**Aim of the exercise:** Exactly reproduce the entries, dropping any pictures from your copy.
= = = = = = =
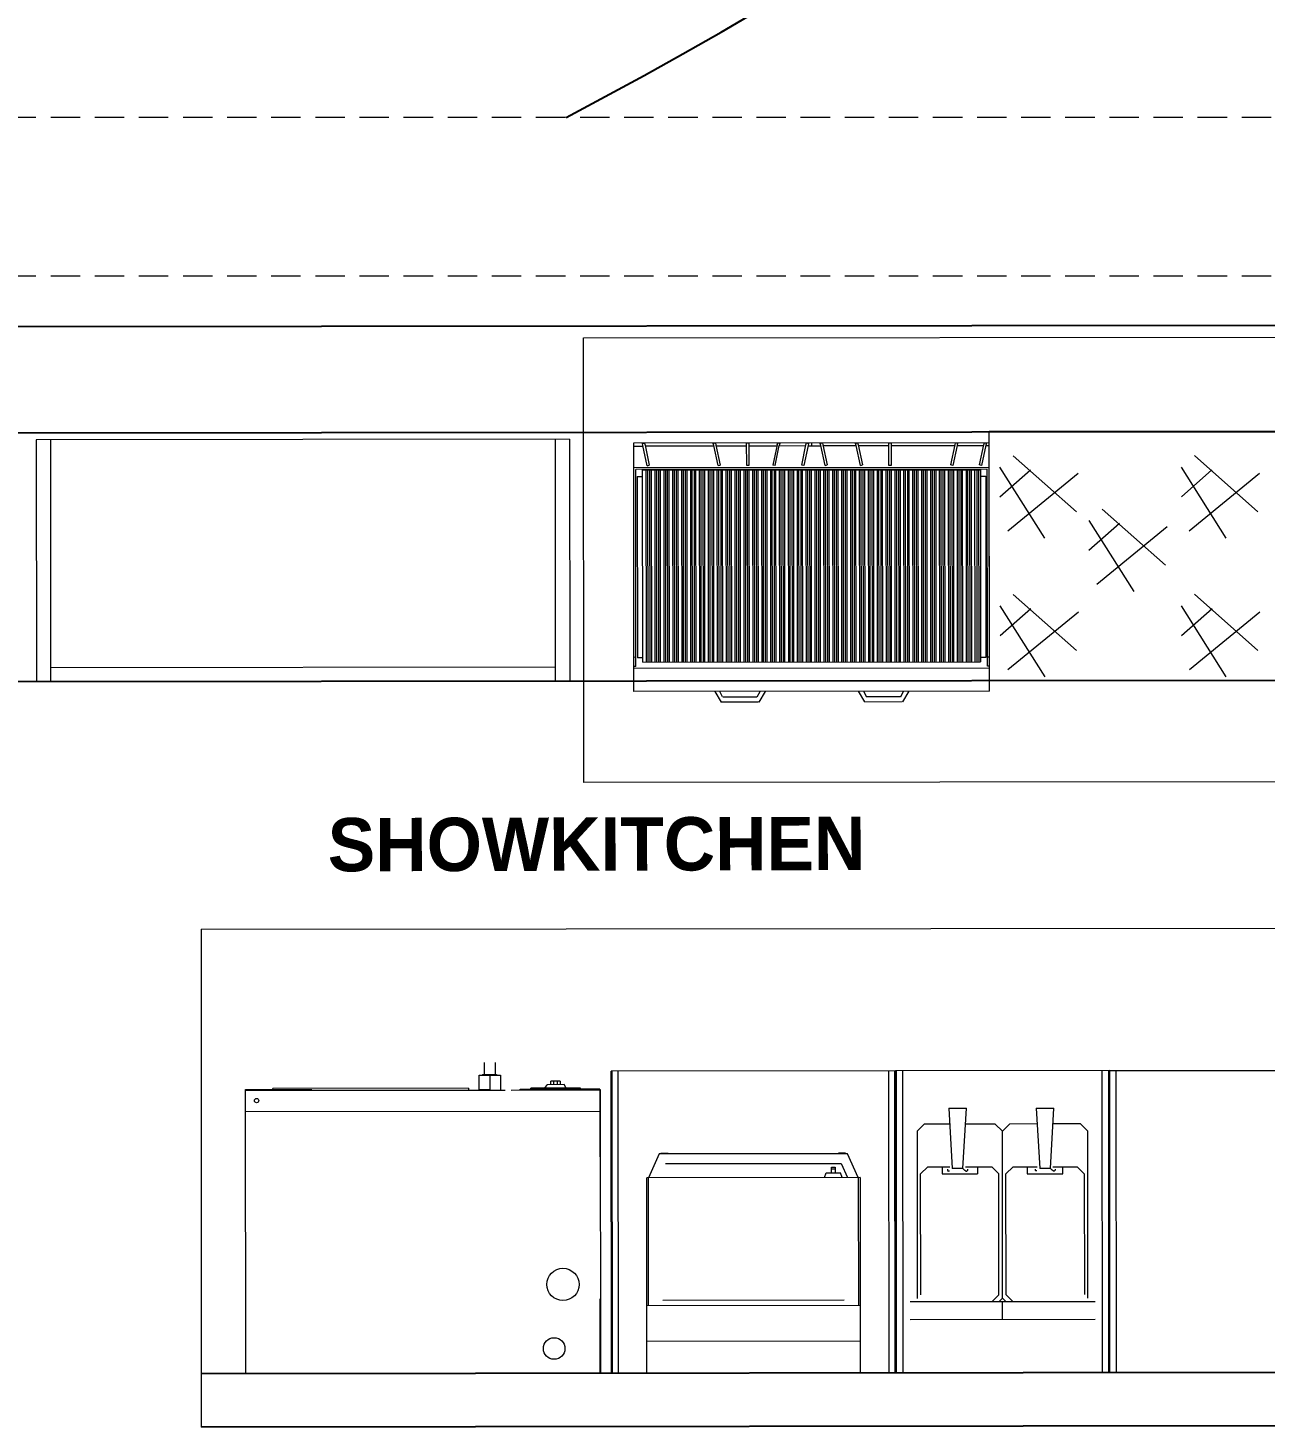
# Model space of a CAD drawing. Header units: inches. Extents: x 484217 to 497210, y -26946 to -21493.
# Drawn here: x 493872.8 to 493977.9, y -26388.7 to -26269.8 of the extents above; entities that cross this region are included whole.
import ezdxf

# ---------------------------------------------------------------- set-up
doc = ezdxf.new("R2010")
doc.units = ezdxf.units.IN
doc.header["$LTSCALE"] = 20
doc.header["$MEASUREMENT"] = 0
doc.linetypes.add('AUSGEZOGEN', pattern=[0])
doc.linetypes.add('HIDDEN2', pattern=[0.1875, 0.125, -0.0625])
for name, color, linetype in [('1', 7, 'Continuous'), ('A-GLASS', 4, 'Continuous'), ('I-WALL-IN', 3, 'Continuous'), ('K3-TEXT', 167, 'AUSGEZOGEN')]:
    doc.layers.add(name, color=color, linetype=linetype)
doc.layers.add('A-furniture', color=50, linetype='Continuous', lineweight=9)
doc.layers.add('TC-EQUIPMENT', color=251, linetype='Continuous', lineweight=5)
doc.styles.get("Standard").update_dxf_attribs({"font": ''})
doc.styles.get('Standard').set_extended_font_data('MicrogrammaSSi', bold=True)

msp = doc.modelspace()

# ---------------------------------------------------------------- linework, layer by layer
at = {"layer": '1'}
for p, q in [((494069.81, -26295), (493767.3, -26295.3)), ((494056.7, -26304.05), (493829.97, -26304.28)), ((494084.95, -26325.16), (493779.52, -26325.46)), ((494066.25, -26384.04), (493887.55, -26384.21)), ((494066.1, -26388.57), (493887.55, -26388.75))]:
    msp.add_line(p, q, dxfattribs=at)
at = {"layer": 'A-furniture', "linetype": 'HIDDEN2'}
for points, elevation in [([(494090.97, -26277.4), (493740.76, -26277.4)], 7.62), ([(494090.97, -26277.4), (493918.54, -26277.4)], 3.81), ([(494090.97, -26290.9), (493740.79, -26290.9)], 3.81), ([(494090.97, -26290.9), (493925.29, -26290.9)], 3.81)]:
    msp.add_lwpolyline(points, dxfattribs=dict(at, elevation=elevation))
at = {"layer": 'A-GLASS', "color": 4}
msp.add_arc((493738.76, -25936.16, 0.69), 385.7, 297.7822, 76.8168, dxfattribs=at)
at = {"layer": 'I-WALL-IN'}
for p, q in [((493918.57, -26277.4), (493918.57, -26277.39)), ((493918.57, -26277.39), (493918.57, -26277.4))]:
    msp.add_line(p, q, dxfattribs=at)
at = {"layer": 'TC-EQUIPMENT'}
for p, q in [((493920.02, -26296.14), (494040.94, -26296.03)), ((493920.05, -26333.93), (493920.02, -26296.14)), ((494002.88, -26304.06), (493954.51, -26304.11)), ((493954.53, -26325.27), (493954.51, -26304.11)), ((493918.82, -26304.76), (493873.48, -26304.81)), ((493873.48, -26304.81), (493873.5, -26325.36)), ((493874.69, -26304.81), (493874.71, -26325.36)), ((493917.64, -26325.32), (493917.62, -26304.77)), ((493918.82, -26304.76), (493918.84, -26325.32)), ((493924.28, -26305.05), (493954.51, -26305.02)), ((493924.3, -26326.21), (493924.28, -26305.05)), ((493924.28, -26305.35), (493925.08, -26305.35)), ((493925.03, -26305.13), (493925.2, -26305.08)), ((493925.07, -26305.3), (493925.03, -26305.13)), ((493925.44, -26307.01), (493925.07, -26305.3)), ((493925.2, -26305.08), (493925.25, -26305.25)), ((493925.25, -26305.25), (493925.61, -26306.96)), ((493931.11, -26305.34), (493925.27, -26305.35)), ((493931.05, -26305.12), (493931.23, -26305.07)), ((493931.1, -26305.3), (493931.05, -26305.12)), ((493931.46, -26307), (493931.1, -26305.3)), ((493931.23, -26305.07), (493931.27, -26305.25)), ((493931.27, -26305.25), (493931.64, -26306.95)), ((493933.88, -26305.34), (493931.29, -26305.34)), ((493933.89, -26307), (493933.88, -26305.07)), ((493933.88, -26305.07), (493934.06, -26305.07)), ((493934.06, -26305.07), (493934.07, -26307)), ((493936.46, -26305.34), (493934.06, -26305.34)), ((493936.48, -26305.24), (493936.12, -26306.95)), ((493936.3, -26307), (493936.66, -26305.29)), ((493936.48, -26305.24), (493936.53, -26305.07)), ((493936.53, -26305.07), (493936.7, -26305.12)), ((493938.9, -26305.33), (493936.65, -26305.34)), ((493936.7, -26305.12), (493936.66, -26305.29)), ((493938.56, -26306.95), (493938.92, -26305.24)), ((493939.1, -26305.29), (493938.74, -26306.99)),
= = = = = = =
**Expected answer:**
# Model space of a CAD drawing. Header units: inches. Extents: x 484217 to 497210, y -26946 to -21493.
# Drawn here: x 493872.8 to 493977.9, y -26388.7 to -26269.8 of the extents above; entities that cross this region are included whole.
import ezdxf

# ---------------------------------------------------------------- set-up
doc = ezdxf.new("R2010")
doc.units = ezdxf.units.IN
doc.header["$LTSCALE"] = 20
doc.header["$MEASUREMENT"] = 0
doc.linetypes.add('AUSGEZOGEN', pattern=[0])
doc.linetypes.add('HIDDEN2', pattern=[0.1875, 0.125, -0.0625])
for name, color, linetype in [('1', 7, 'Continuous'), ('A-GLASS', 4, 'Continuous'), ('I-WALL-IN', 3, 'Continuous'), ('K3-TEXT', 167, 'AUSGEZOGEN')]:
    doc.layers.add(name, color=color, linetype=linetype)
doc.layers.add('A-furniture', color=50, linetype='Continuous', lineweight=9)
doc.layers.add('TC-EQUIPMENT', color=251, linetype='Continuous', lineweight=5)
doc.styles.get("Standard").update_dxf_attribs({"font": ''})
doc.styles.get('Standard').set_extended_font_data('MicrogrammaSSi', bold=True)

msp = doc.modelspace()

# ---------------------------------------------------------------- linework, layer by layer
at = {"layer": '1'}
for p, q in [((494069.81, -26295), (493767.3, -26295.3)), ((494056.7, -26304.05), (493829.97, -26304.28)), ((494084.95, -26325.16), (493779.52, -26325.46)), ((494066.25, -26384.04), (493887.55, -26384.21)), ((494066.1, -26388.57), (493887.55, -26388.75))]:
    msp.add_line(p, q, dxfattribs=at)
at = {"layer": 'A-furniture', "linetype": 'HIDDEN2'}
for points, elevation in [([(494090.97, -26277.4), (493740.76, -26277.4)], 7.62), ([(494090.97, -26277.4), (493918.54, -26277.4)], 3.81), ([(494090.97, -26290.9), (493740.79, -26290.9)], 3.81), ([(494090.97, -26290.9), (493925.29, -26290.9)], 3.81)]:
    msp.add_lwpolyline(points, dxfattribs=dict(at, elevation=elevation))
at = {"layer": 'A-GLASS', "color": 4}
msp.add_arc((493738.76, -25936.16, 0.69), 385.7, 297.7822, 76.8168, dxfattribs=at)
at = {"layer": 'I-WALL-IN'}
for p, q in [((493918.57, -26277.4), (493918.57, -26277.39)), ((493918.57, -26277.39), (493918.57, -26277.4))]:
    msp.add_line(p, q, dxfattribs=at)
at = {"layer": 'TC-EQUIPMENT'}
for p, q in [((493920.02, -26296.14), (494040.94, -26296.03)), ((493920.05, -26333.93), (493920.02, -26296.14)), ((494002.88, -26304.06), (493954.51, -26304.11)), ((493954.53, -26325.27), (493954.51, -26304.11)), ((493918.82, -26304.76), (493873.48, -26304.81)), ((493873.48, -26304.81), (493873.5, -26325.36)), ((493874.69, -26304.81), (493874.71, -26325.36)), ((493917.64, -26325.32), (493917.62, -26304.77)), ((493918.82, -26304.76), (493918.84, -26325.32)), ((493924.28, -26305.05), (493954.51, -26305.02)), ((493924.3, -26326.21), (493924.28, -26305.05)), ((493924.28, -26305.35), (493925.08, -26305.35)), ((493925.03, -26305.13), (493925.2, -26305.08)), ((493925.07, -26305.3), (493925.03, -26305.13)), ((493925.44, -26307.01), (493925.07, -26305.3)), ((493925.2, -26305.08), (493925.25, -26305.25)), ((493925.25, -26305.25), (493925.61, -26306.96)), ((493931.11, -26305.34), (493925.27, -26305.35)), ((493931.05, -26305.12), (493931.23, -26305.07)), ((493931.1, -26305.3), (493931.05, -26305.12)), ((493931.46, -26307), (493931.1, -26305.3)), ((493931.23, -26305.07), (493931.27, -26305.25)), ((493931.27, -26305.25), (493931.64, -26306.95)), ((493933.88, -26305.34), (493931.29, -26305.34)), ((493933.89, -26307), (493933.88, -26305.07)), ((493933.88, -26305.07), (493934.06, -26305.07)), ((493934.06, -26305.07), (493934.07, -26307)), ((493936.46, -26305.34), (493934.06, -26305.34)), ((493936.48, -26305.24), (493936.12, -26306.95)), ((493936.3, -26307), (493936.66, -26305.29)), ((493936.48, -26305.24), (493936.53, -26305.07)), ((493936.53, -26305.07), (493936.7, -26305.12)), ((493938.9, -26305.33), (493936.65, -26305.34)), ((493936.7, -26305.12), (493936.66, -26305.29)), ((493938.56, -26306.95), (493938.92, -26305.24)), ((493939.1, -26305.29), (493938.74, -26306.99)),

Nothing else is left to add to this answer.